Description of the task: A faithful copy of all the records is needed, with the pictures omitted.
━━━ Data excerpts
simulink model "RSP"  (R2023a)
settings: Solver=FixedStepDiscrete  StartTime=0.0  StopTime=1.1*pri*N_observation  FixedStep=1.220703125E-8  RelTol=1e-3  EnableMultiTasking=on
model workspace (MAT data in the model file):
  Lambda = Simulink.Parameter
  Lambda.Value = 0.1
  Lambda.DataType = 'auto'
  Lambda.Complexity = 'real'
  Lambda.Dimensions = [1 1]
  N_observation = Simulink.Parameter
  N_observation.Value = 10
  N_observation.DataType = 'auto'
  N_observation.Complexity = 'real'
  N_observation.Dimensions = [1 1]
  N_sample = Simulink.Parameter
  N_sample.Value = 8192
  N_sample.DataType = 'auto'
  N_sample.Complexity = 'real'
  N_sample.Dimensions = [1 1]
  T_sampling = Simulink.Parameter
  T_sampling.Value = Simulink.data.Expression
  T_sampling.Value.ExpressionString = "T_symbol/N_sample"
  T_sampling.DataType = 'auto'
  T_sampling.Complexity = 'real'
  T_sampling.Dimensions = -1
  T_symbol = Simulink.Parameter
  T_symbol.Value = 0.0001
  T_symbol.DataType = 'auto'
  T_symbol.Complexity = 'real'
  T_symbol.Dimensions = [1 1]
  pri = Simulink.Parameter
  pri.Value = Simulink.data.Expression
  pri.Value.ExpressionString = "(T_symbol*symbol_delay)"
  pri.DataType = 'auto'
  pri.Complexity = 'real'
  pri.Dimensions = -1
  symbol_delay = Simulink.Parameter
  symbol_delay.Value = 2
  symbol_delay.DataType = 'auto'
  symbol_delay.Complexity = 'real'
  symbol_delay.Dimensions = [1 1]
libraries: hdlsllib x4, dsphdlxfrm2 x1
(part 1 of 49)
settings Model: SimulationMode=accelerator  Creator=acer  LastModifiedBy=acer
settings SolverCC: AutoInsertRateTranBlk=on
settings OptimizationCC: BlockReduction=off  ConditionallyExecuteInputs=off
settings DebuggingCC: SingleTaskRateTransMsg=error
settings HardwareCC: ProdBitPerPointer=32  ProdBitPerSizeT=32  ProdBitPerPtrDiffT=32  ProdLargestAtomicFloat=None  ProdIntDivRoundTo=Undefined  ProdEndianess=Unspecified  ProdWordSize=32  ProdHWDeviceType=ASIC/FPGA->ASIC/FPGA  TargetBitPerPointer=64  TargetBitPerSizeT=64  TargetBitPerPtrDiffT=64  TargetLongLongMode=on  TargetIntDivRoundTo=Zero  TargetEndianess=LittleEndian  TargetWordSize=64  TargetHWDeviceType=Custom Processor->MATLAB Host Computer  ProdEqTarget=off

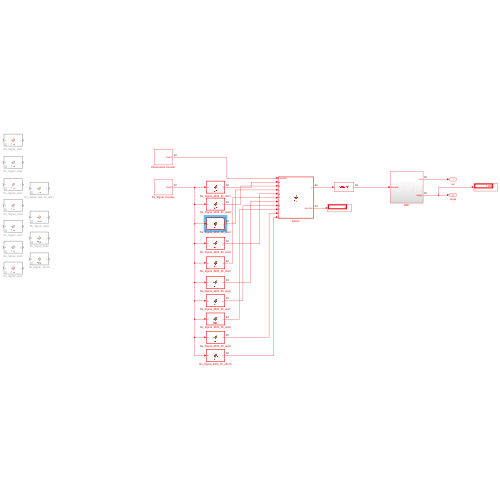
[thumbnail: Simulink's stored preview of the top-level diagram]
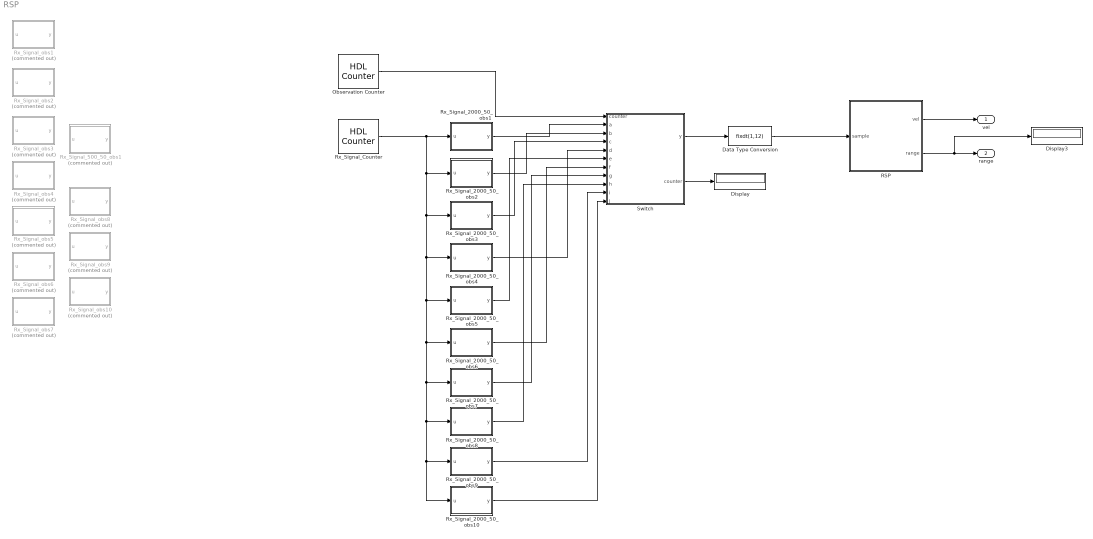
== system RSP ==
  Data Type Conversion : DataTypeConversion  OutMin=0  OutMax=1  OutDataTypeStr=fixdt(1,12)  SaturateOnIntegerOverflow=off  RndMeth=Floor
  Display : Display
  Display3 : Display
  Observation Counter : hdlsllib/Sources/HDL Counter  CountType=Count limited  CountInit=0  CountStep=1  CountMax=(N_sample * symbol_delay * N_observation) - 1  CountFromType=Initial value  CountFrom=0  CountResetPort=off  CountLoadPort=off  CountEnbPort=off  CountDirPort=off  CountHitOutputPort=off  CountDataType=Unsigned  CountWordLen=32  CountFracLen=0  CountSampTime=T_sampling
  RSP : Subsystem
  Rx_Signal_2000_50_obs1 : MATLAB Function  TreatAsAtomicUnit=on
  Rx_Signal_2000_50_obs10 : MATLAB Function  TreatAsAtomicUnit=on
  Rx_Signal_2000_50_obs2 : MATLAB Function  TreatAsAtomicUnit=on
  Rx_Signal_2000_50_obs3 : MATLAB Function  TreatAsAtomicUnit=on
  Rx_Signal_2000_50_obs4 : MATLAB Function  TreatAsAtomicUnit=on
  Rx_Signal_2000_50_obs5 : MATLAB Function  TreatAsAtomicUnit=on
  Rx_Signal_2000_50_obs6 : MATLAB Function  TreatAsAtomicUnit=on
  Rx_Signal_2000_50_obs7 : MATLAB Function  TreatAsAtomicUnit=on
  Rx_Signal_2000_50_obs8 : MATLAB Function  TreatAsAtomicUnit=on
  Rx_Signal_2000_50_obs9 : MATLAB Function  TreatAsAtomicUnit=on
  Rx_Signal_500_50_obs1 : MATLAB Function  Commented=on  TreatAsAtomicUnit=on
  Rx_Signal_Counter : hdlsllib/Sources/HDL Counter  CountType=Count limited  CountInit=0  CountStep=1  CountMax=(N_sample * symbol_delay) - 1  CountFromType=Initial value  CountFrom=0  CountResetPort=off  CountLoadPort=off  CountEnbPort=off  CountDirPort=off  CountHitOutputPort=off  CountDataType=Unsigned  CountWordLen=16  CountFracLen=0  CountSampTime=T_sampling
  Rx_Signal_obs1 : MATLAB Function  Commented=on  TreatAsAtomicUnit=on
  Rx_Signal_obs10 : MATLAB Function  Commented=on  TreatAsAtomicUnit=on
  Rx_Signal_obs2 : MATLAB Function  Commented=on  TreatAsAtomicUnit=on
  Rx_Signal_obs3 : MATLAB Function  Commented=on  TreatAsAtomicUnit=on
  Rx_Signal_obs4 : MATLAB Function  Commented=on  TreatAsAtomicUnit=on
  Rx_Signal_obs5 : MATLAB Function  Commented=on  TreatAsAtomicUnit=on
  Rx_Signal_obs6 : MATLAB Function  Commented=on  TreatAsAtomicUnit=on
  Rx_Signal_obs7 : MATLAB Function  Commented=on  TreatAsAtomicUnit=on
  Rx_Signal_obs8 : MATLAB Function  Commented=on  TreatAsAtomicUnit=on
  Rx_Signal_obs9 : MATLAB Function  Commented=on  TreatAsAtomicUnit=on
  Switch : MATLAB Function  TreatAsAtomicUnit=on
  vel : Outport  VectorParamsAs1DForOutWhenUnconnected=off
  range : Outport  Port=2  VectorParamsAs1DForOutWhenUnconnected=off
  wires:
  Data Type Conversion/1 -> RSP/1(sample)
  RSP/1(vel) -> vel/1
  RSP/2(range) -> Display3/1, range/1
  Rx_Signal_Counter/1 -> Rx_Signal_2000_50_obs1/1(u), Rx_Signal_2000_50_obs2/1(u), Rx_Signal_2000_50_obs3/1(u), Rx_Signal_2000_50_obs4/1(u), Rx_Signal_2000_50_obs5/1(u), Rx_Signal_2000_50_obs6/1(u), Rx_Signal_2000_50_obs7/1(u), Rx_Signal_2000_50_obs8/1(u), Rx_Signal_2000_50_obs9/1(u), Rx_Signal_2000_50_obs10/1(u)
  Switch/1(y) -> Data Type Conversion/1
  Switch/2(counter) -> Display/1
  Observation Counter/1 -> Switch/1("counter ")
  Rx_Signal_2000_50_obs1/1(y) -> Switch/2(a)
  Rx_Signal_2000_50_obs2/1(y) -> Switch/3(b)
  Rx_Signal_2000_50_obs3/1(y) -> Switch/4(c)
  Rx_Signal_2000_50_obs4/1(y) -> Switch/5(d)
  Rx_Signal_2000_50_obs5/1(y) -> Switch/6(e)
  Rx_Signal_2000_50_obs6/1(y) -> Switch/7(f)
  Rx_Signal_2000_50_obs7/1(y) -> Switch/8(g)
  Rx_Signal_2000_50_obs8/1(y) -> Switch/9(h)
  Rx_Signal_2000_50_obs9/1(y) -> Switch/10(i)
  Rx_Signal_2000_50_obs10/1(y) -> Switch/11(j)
━━━━━━
Your solution:
simulink model "RSP"  (R2023a)
settings: Solver=FixedStepDiscrete  StartTime=0.0  StopTime=1.1*pri*N_observation  FixedStep=1.220703125E-8  RelTol=1e-3  EnableMultiTasking=on
model workspace (MAT data in the model file):
  Lambda = Simulink.Parameter
  Lambda.Value = 0.1
  Lambda.DataType = 'auto'
  Lambda.Complexity = 'real'
  Lambda.Dimensions = [1 1]
  N_observation = Simulink.Parameter
  N_observation.Value = 10
  N_observation.DataType = 'auto'
  N_observation.Complexity = 'real'
  N_observation.Dimensions = [1 1]
  N_sample = Simulink.Parameter
  N_sample.Value = 8192
  N_sample.DataType = 'auto'
  N_sample.Complexity = 'real'
  N_sample.Dimensions = [1 1]
  T_sampling = Simulink.Parameter
  T_sampling.Value = Simulink.data.Expression
  T_sampling.Value.ExpressionString = "T_symbol/N_sample"
  T_sampling.DataType = 'auto'
  T_sampling.Complexity = 'real'
  T_sampling.Dimensions = -1
  T_symbol = Simulink.Parameter
  T_symbol.Value = 0.0001
  T_symbol.DataType = 'auto'
  T_symbol.Complexity = 'real'
  T_symbol.Dimensions = [1 1]
  pri = Simulink.Parameter
  pri.Value = Simulink.data.Expression
  pri.Value.ExpressionString = "(T_symbol*symbol_delay)"
  pri.DataType = 'auto'
  pri.Complexity = 'real'
  pri.Dimensions = -1
  symbol_delay = Simulink.Parameter
  symbol_delay.Value = 2
  symbol_delay.DataType = 'auto'
  symbol_delay.Complexity = 'real'
  symbol_delay.Dimensions = [1 1]
libraries: hdlsllib x4, dsphdlxfrm2 x1
(part 1 of 49)
settings Model: SimulationMode=accelerator  Creator=acer  LastModifiedBy=acer
settings SolverCC: AutoInsertRateTranBlk=on
settings OptimizationCC: BlockReduction=off  ConditionallyExecuteInputs=off
settings DebuggingCC: SingleTaskRateTransMsg=error
settings HardwareCC: ProdBitPerPointer=32  ProdBitPerSizeT=32  ProdBitPerPtrDiffT=32  ProdLargestAtomicFloat=None  ProdIntDivRoundTo=Undefined  ProdEndianess=Unspecified  ProdWordSize=32  ProdHWDeviceType=ASIC/FPGA->ASIC/FPGA  TargetBitPerPointer=64  TargetBitPerSizeT=64  TargetBitPerPtrDiffT=64  TargetLongLongMode=on  TargetIntDivRoundTo=Zero  TargetEndianess=LittleEndian  TargetWordSize=64  TargetHWDeviceType=Custom Processor->MATLAB Host Computer  ProdEqTarget=off

[thumbnail: Simulink's stored preview of the top-level diagram]
== system RSP ==
  Data Type Conversion : DataTypeConversion  OutMin=0  OutMax=1  OutDataTypeStr=fixdt(1,12)  SaturateOnIntegerOverflow=off  RndMeth=Floor
  Display : Display
  Display3 : Display
  Observation Counter : hdlsllib/Sources/HDL Counter  CountType=Count limited  CountInit=0  CountStep=1  CountMax=(N_sample * symbol_delay * N_observation) - 1  CountFromType=Initial value  CountFrom=0  CountResetPort=off  CountLoadPort=off  CountEnbPort=off  CountDirPort=off  CountHitOutputPort=off  CountDataType=Unsigned  CountWordLen=32  CountFracLen=0  CountSampTime=T_sampling
  RSP : Subsystem
  Rx_Signal_2000_50_obs1 : MATLAB Function  TreatAsAtomicUnit=on
  Rx_Signal_2000_50_obs10 : MATLAB Function  TreatAsAtomicUnit=on
  Rx_Signal_2000_50_obs2 : MATLAB Function  TreatAsAtomicUnit=on
  Rx_Signal_2000_50_obs3 : MATLAB Function  TreatAsAtomicUnit=on
  Rx_Signal_2000_50_obs4 : MATLAB Function  TreatAsAtomicUnit=on
  Rx_Signal_2000_50_obs5 : MATLAB Function  TreatAsAtomicUnit=on
  Rx_Signal_2000_50_obs6 : MATLAB Function  TreatAsAtomicUnit=on
  Rx_Signal_2000_50_obs7 : MATLAB Function  TreatAsAtomicUnit=on
  Rx_Signal_2000_50_obs8 : MATLAB Function  TreatAsAtomicUnit=on
  Rx_Signal_2000_50_obs9 : MATLAB Function  TreatAsAtomicUnit=on
  Rx_Signal_500_50_obs1 : MATLAB Function  Commented=on  TreatAsAtomicUnit=on
  Rx_Signal_Counter : hdlsllib/Sources/HDL Counter  CountType=Count limited  CountInit=0  CountStep=1  CountMax=(N_sample * symbol_delay) - 1  CountFromType=Initial value  CountFrom=0  CountResetPort=off  CountLoadPort=off  CountEnbPort=off  CountDirPort=off  CountHitOutputPort=off  CountDataType=Unsigned  CountWordLen=16  CountFracLen=0  CountSampTime=T_sampling
  Rx_Signal_obs1 : MATLAB Function  Commented=on  TreatAsAtomicUnit=on
  Rx_Signal_obs10 : MATLAB Function  Commented=on  TreatAsAtomicUnit=on
  Rx_Signal_obs2 : MATLAB Function  Commented=on  TreatAsAtomicUnit=on
  Rx_Signal_obs3 : MATLAB Function  Commented=on  TreatAsAtomicUnit=on
  Rx_Signal_obs4 : MATLAB Function  Commented=on  TreatAsAtomicUnit=on
  Rx_Signal_obs5 : MATLAB Function  Commented=on  TreatAsAtomicUnit=on
  Rx_Signal_obs6 : MATLAB Function  Commented=on  TreatAsAtomicUnit=on
  Rx_Signal_obs7 : MATLAB Function  Commented=on  TreatAsAtomicUnit=on
  Rx_Signal_obs8 : MATLAB Function  Commented=on  TreatAsAtomicUnit=on
  Rx_Signal_obs9 : MATLAB Function  Commented=on  TreatAsAtomicUnit=on
  Switch : MATLAB Function  TreatAsAtomicUnit=on
  vel : Outport  VectorParamsAs1DForOutWhenUnconnected=off
  range : Outport  Port=2  VectorParamsAs1DForOutWhenUnconnected=off
  wires:
  Data Type Conversion/1 -> RSP/1(sample)
  RSP/1(vel) -> vel/1
  RSP/2(range) -> Display3/1, range/1
  Rx_Signal_Counter/1 -> Rx_Signal_2000_50_obs1/1(u), Rx_Signal_2000_50_obs2/1(u), Rx_Signal_2000_50_obs3/1(u), Rx_Signal_2000_50_obs4/1(u), Rx_Signal_2000_50_obs5/1(u), Rx_Signal_2000_50_obs6/1(u), Rx_Signal_2000_50_obs7/1(u), Rx_Signal_2000_50_obs8/1(u), Rx_Signal_2000_50_obs9/1(u), Rx_Signal_2000_50_obs10/1(u)
  Switch/1(y) -> Data Type Conversion/1
  Switch/2(counter) -> Display/1
  Observation Counter/1 -> Switch/1("counter ")
  Rx_Signal_2000_50_obs1/1(y) -> Switch/2(a)
  Rx_Signal_2000_50_obs2/1(y) -> Switch/3(b)
  Rx_Signal_2000_50_obs3/1(y) -> Switch/4(c)
  Rx_Signal_2000_50_obs4/1(y) -> Switch/5(d)
  Rx_Signal_2000_50_obs5/1(y) -> Switch/6(e)
  Rx_Signal_2000_50_obs6/1(y) -> Switch/7(f)
  Rx_Signal_2000_50_obs7/1(y) -> Switch/8(g)
  Rx_Signal_2000_50_obs8/1(y) -> Switch/9(h)
  Rx_Signal_2000_50_obs9/1(y) -> Switch/10(i)
  Rx_Signal_2000_50_obs10/1(y) -> Switch/11(j)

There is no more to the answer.